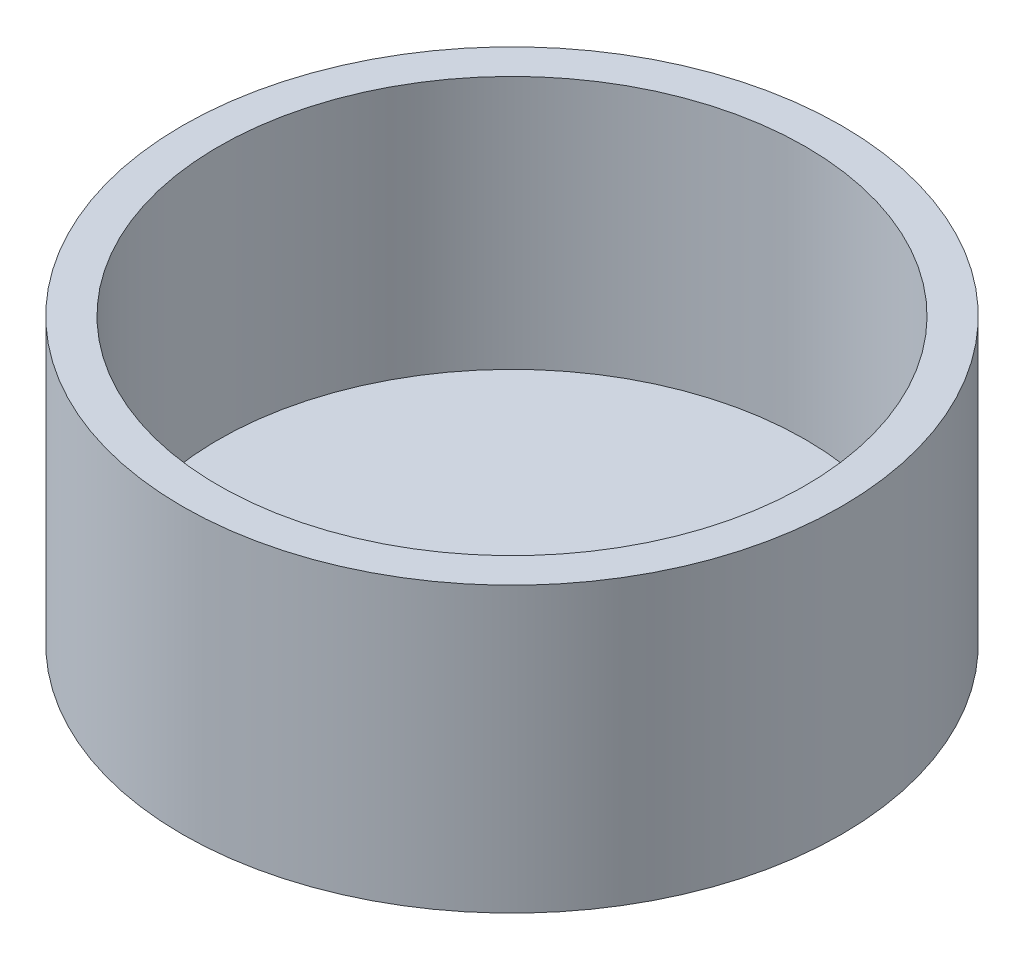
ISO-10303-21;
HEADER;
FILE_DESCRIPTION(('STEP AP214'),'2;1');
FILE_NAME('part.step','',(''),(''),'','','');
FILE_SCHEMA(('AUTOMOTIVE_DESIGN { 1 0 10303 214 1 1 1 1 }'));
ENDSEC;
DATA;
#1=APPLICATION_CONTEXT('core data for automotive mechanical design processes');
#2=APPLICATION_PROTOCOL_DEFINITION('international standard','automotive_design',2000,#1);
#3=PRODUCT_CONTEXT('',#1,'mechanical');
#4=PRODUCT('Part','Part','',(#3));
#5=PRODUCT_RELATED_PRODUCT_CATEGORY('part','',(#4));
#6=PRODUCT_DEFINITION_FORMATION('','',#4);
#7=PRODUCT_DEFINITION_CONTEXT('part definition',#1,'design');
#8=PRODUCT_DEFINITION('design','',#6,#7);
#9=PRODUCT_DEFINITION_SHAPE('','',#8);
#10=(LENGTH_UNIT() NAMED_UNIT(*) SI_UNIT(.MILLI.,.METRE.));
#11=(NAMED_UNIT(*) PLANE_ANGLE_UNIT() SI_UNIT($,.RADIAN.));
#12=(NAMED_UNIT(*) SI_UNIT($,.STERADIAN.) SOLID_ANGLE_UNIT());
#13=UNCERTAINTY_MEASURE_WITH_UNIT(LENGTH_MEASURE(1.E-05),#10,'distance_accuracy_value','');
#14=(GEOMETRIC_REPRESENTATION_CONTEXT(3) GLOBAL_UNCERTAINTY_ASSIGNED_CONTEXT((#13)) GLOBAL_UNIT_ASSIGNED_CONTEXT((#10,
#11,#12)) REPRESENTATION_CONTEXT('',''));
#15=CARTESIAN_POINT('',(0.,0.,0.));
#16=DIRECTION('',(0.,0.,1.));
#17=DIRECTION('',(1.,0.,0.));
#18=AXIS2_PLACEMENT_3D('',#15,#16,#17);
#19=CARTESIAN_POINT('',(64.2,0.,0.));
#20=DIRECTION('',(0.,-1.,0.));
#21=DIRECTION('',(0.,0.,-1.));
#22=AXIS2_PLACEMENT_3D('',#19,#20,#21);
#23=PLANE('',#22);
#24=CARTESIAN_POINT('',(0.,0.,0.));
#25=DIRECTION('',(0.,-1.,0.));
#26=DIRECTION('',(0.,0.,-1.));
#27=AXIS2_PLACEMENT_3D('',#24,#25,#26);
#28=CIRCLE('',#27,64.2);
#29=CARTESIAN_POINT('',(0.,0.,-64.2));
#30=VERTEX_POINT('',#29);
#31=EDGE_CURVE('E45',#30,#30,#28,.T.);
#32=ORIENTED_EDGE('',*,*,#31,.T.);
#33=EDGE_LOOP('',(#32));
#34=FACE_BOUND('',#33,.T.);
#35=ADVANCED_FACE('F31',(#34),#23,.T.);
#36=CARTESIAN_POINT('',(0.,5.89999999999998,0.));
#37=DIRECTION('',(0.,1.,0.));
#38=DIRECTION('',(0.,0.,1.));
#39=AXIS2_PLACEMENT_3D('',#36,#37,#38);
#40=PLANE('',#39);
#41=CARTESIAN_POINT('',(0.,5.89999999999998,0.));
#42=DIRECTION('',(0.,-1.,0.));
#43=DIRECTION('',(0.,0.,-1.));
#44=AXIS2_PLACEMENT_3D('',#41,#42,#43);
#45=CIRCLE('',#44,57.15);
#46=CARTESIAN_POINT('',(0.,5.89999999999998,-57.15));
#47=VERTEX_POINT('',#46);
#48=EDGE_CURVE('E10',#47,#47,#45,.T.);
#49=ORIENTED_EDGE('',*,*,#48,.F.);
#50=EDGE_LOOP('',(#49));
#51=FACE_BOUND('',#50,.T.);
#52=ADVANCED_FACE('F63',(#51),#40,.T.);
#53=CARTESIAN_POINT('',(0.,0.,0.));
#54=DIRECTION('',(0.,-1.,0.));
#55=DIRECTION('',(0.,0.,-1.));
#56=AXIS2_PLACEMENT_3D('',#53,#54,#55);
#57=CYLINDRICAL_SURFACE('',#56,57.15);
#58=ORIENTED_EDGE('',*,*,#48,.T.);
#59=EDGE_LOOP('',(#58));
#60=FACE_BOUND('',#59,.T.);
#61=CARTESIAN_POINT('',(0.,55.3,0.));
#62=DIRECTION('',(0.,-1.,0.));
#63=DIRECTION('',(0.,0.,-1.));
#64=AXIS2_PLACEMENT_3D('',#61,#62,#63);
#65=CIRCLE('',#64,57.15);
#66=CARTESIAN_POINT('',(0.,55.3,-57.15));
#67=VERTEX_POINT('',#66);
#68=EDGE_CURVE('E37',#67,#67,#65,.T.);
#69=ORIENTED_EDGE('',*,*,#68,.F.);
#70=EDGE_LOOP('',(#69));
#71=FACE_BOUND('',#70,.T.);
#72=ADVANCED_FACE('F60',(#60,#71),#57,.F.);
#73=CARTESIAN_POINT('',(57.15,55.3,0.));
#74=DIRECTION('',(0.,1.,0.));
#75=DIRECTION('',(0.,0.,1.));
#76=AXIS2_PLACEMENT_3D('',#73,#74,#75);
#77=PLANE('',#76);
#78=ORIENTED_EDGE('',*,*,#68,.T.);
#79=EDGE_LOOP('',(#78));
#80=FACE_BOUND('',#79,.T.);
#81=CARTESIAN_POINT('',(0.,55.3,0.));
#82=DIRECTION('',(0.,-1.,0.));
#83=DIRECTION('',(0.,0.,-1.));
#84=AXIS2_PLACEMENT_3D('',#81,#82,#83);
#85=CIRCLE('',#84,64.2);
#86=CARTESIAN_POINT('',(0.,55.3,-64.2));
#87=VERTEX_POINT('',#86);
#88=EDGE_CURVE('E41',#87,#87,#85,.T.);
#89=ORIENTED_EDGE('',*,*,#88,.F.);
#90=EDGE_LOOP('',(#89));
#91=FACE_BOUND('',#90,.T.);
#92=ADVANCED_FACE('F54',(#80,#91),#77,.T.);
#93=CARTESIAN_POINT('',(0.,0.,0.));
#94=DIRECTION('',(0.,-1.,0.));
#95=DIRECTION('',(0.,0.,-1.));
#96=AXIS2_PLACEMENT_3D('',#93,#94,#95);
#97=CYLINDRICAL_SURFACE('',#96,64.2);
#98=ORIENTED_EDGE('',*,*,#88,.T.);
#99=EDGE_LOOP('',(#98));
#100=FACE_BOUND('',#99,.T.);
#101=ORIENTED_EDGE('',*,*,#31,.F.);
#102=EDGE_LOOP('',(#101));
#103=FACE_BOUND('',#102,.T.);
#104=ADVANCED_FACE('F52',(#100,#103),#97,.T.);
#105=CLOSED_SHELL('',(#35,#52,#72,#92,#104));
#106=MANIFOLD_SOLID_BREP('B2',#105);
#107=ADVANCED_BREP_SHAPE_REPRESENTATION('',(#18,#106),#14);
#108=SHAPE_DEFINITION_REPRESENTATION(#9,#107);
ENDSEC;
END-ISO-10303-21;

* * * * * * *

GOAL OF THE EXERCISE: Apply a filter for "mechanical" to the entries and show each line that passes.

FINISHED TASK:
#1=APPLICATION_CONTEXT('core data for automotive mechanical design processes');
#3=PRODUCT_CONTEXT('',#1,'mechanical');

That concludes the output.